The story meant everything to Chris. It was a real childhood dream come true, and he moved mountains to be involved in the process. The day after filming a major live event for National Geographic, he flew across the continent to meet our crew at a T.rex dig in Montana.
Chris was a pleasure to work with – he understands narrative, what it is to be a film-maker, and what is needed from those on screen.
The locations were mainly in the US and Canada, the home of T.rex. This investigative approach required a fast turnaround of sequences and cinematic visuals, which meant balancing shoot days with a great deal of travel.
Of course, there were challenges: visas that didn’t come through, thunderstorms that filled the spectacular tyrannosaur trackway with silt, vultures in a grump, a lack of female palaeontologists in our specific field, and emus that refused to run.
Capturing the boom
As I write this in the glow of concluding the final mix in Montreal, my most sincere message to all producers is simple: avoid infrasonic animals.

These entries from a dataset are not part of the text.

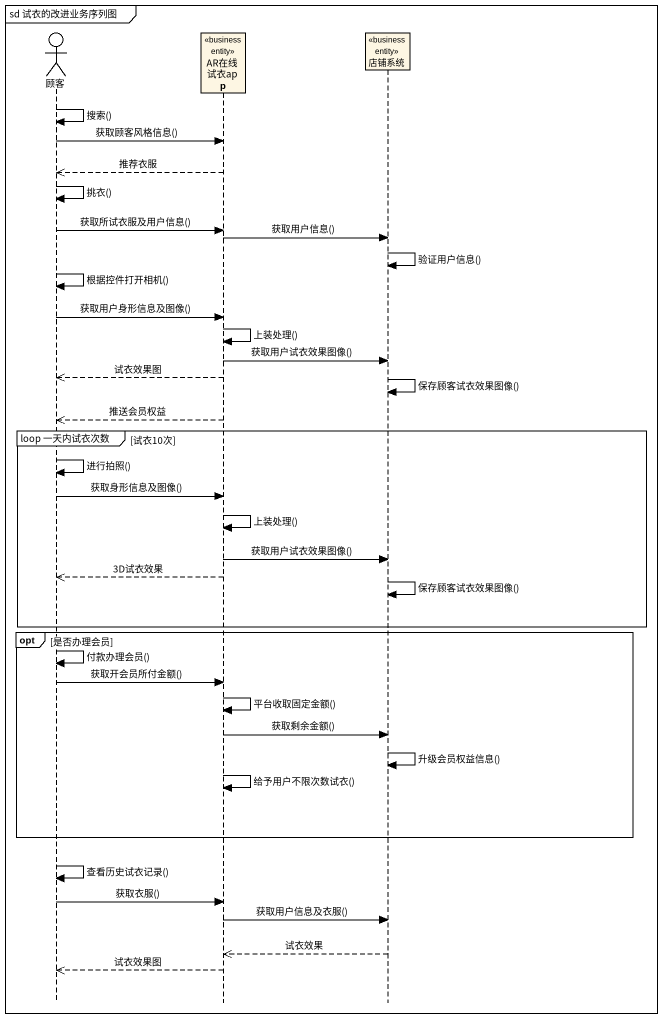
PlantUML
@startuml
mainframe sd 试衣的改进业务序列图
hide footbox
actor 顾客
participant AR在线试衣app <<business entity>>
participant 店铺系统 <<business entity>>

顾客 -> 顾客 : 搜索()
顾客 -> AR在线试衣app : 获取顾客风格信息()
AR在线试衣app -->> 顾客 : 推荐衣服
顾客 -> 顾客 : 挑衣()
顾客 -> AR在线试衣app : 获取所试衣服及用户信息()
AR在线试衣app -> 店铺系统 : 获取用户信息()
店铺系统 -> 店铺系统 : 验证用户信息()
顾客 -> 顾客 : 根据控件打开相机()
顾客 -> AR在线试衣app : 获取用户身形信息及图像()
AR在线试衣app -> AR在线试衣app : 上装处理()
AR在线试衣app -> 店铺系统 : 获取用户试衣效果图像()
AR在线试衣app -->> 顾客 : 试衣效果图
店铺系统 -> 店铺系统 : 保存顾客试衣效果图像()
AR在线试衣app -->> 顾客 : 推送会员权益
group loop 一天内试衣次数 [试衣10次]
  顾客 -> 顾客 : 进行拍照()
  顾客 -> AR在线试衣app : 获取身形信息及图像()
  AR在线试衣app -> AR在线试衣app : 上装处理()
  AR在线试衣app -> 店铺系统 : 获取用户试衣效果图像()
  AR在线试衣app -->> 顾客 : 3D试衣效果
  店铺系统 -> 店铺系统 : 保存顾客试衣效果图像()
end
opt 是否办理会员
  顾客 -> 顾客 : 付款办理会员()
  顾客 -> AR在线试衣app : 获取开会员所付金额()
  AR在线试衣app -> AR在线试衣app : 平台收取固定金额()
  AR在线试衣app -> 店铺系统 : 获取剩余金额()
  店铺系统 -> 店铺系统 : 升级会员权益信息()
  AR在线试衣app -> AR在线试衣app : 给予用户不限次数试衣()
end
顾客 -> 顾客 : 查看历史试衣记录()
顾客 -> AR在线试衣app : 获取衣服()
AR在线试衣app -> 店铺系统 : 获取用户信息及衣服()
店铺系统 -->> AR在线试衣app : 试衣效果
AR在线试衣app -->> 顾客 : 试衣效果图
@enduml
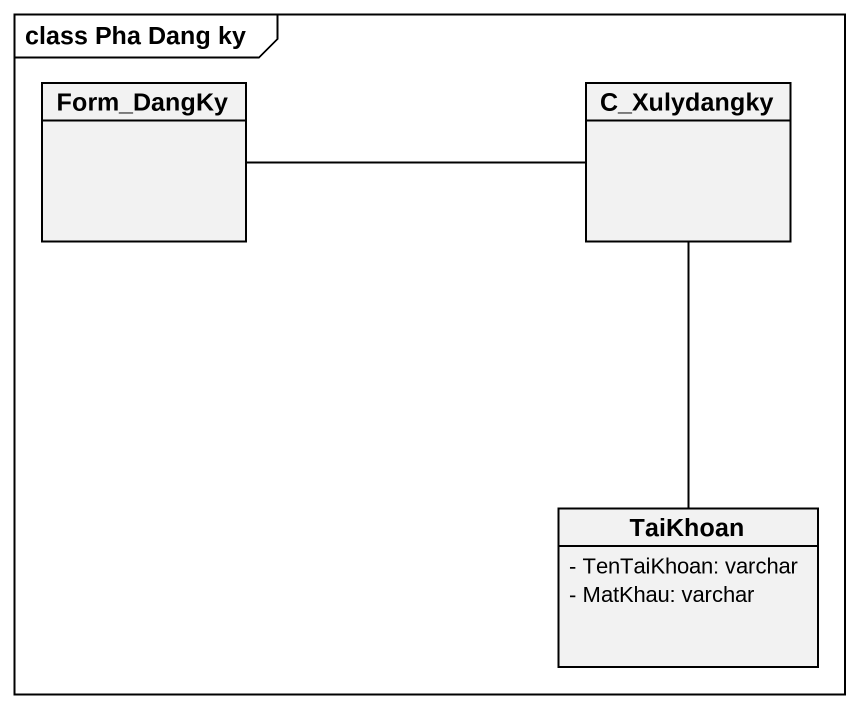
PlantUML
@startuml
mainframe class Pha Dang ky
hide circle
hide empty members
skinparam classAttributeIconSize 0
class Form_DangKy
class C_Xulydangky
class TaiKhoan {
  - TenTaiKhoan: varchar
  - MatKhau: varchar
}
Form_DangKy -right- C_Xulydangky
C_Xulydangky -- TaiKhoan
@enduml

The most realistic T.rex ‘roar’, a low-frequency ‘boom’, sounds remarkable in the 5.1 booth, but it’s a tougher ask on the lightweight laptop that some of the audiences will watch it on.
It’s the kind of challenge I’ve not faced since contemplating the sound design for the soundless vacuum of space in Channel 4/Discovery’s Stephen Hawking’s Universe in 2010.
For Chris, the journey has proved every bit as complex and surprising as he had hoped. For Talesmith, T.rex has metaphorically torn down the electric fence and allowed more specialist factual commissions in. We have moved to a larger office, we are growing by the day, and 2018 is looming large.
CREATING A MONSTER
MARTIN WILLIAMS - Co-director; executive producer
We were promising Hollywood-style CGI on a TV budget – and a T.rex that would be more authentic than any Hollywood has ever produced.
How on Earth were we going to pull that off? With the world’s best scientists, reams of data and The Workshop, a VFX outfit based in Montreal.
After a recce to Berlin, the production team decided that Tristan, the incredibly complete T.rex in the city’s natural-history museum, was the one we wanted to bring back to life.
The plan was to resurrect it, layer by layer, frombones to muscles, to skin and feathers until it finally stepped off its plinth.
Our first step was to track the back plates to match a scanned T.rex data set.
This gave us the perfect foundation upon which to layer in the muscles, each one painstakingly matched to tiny indentations on the fossils that showed where the animal’s tendons and muscles had been attached.
Next came the skin and feathers. Using reptilian references, we were able to give our CGI model texture. By analysing the distribution of pigment cells within therapod fossils, we knew that T.rex was probably patterned like a modern bird of prey.
DINOSAUR WALK
The final thing was its walk cycle. We based its movements on gait algorithms built by scientists who’d studied trackways in Texas and the locomotion of ostriches; and from data provided by a team in Chile that had studied how chickens walk when you add a makeshift ‘tail’.
The finishing touch was the T.rex’s call. CT studies of its inner ear provided surprising results. It seems T. rex communicated with a deep, infrasonic call – this was an animal that didn’t roar, but rather rumbled and grumbled its way through the Cretaceous.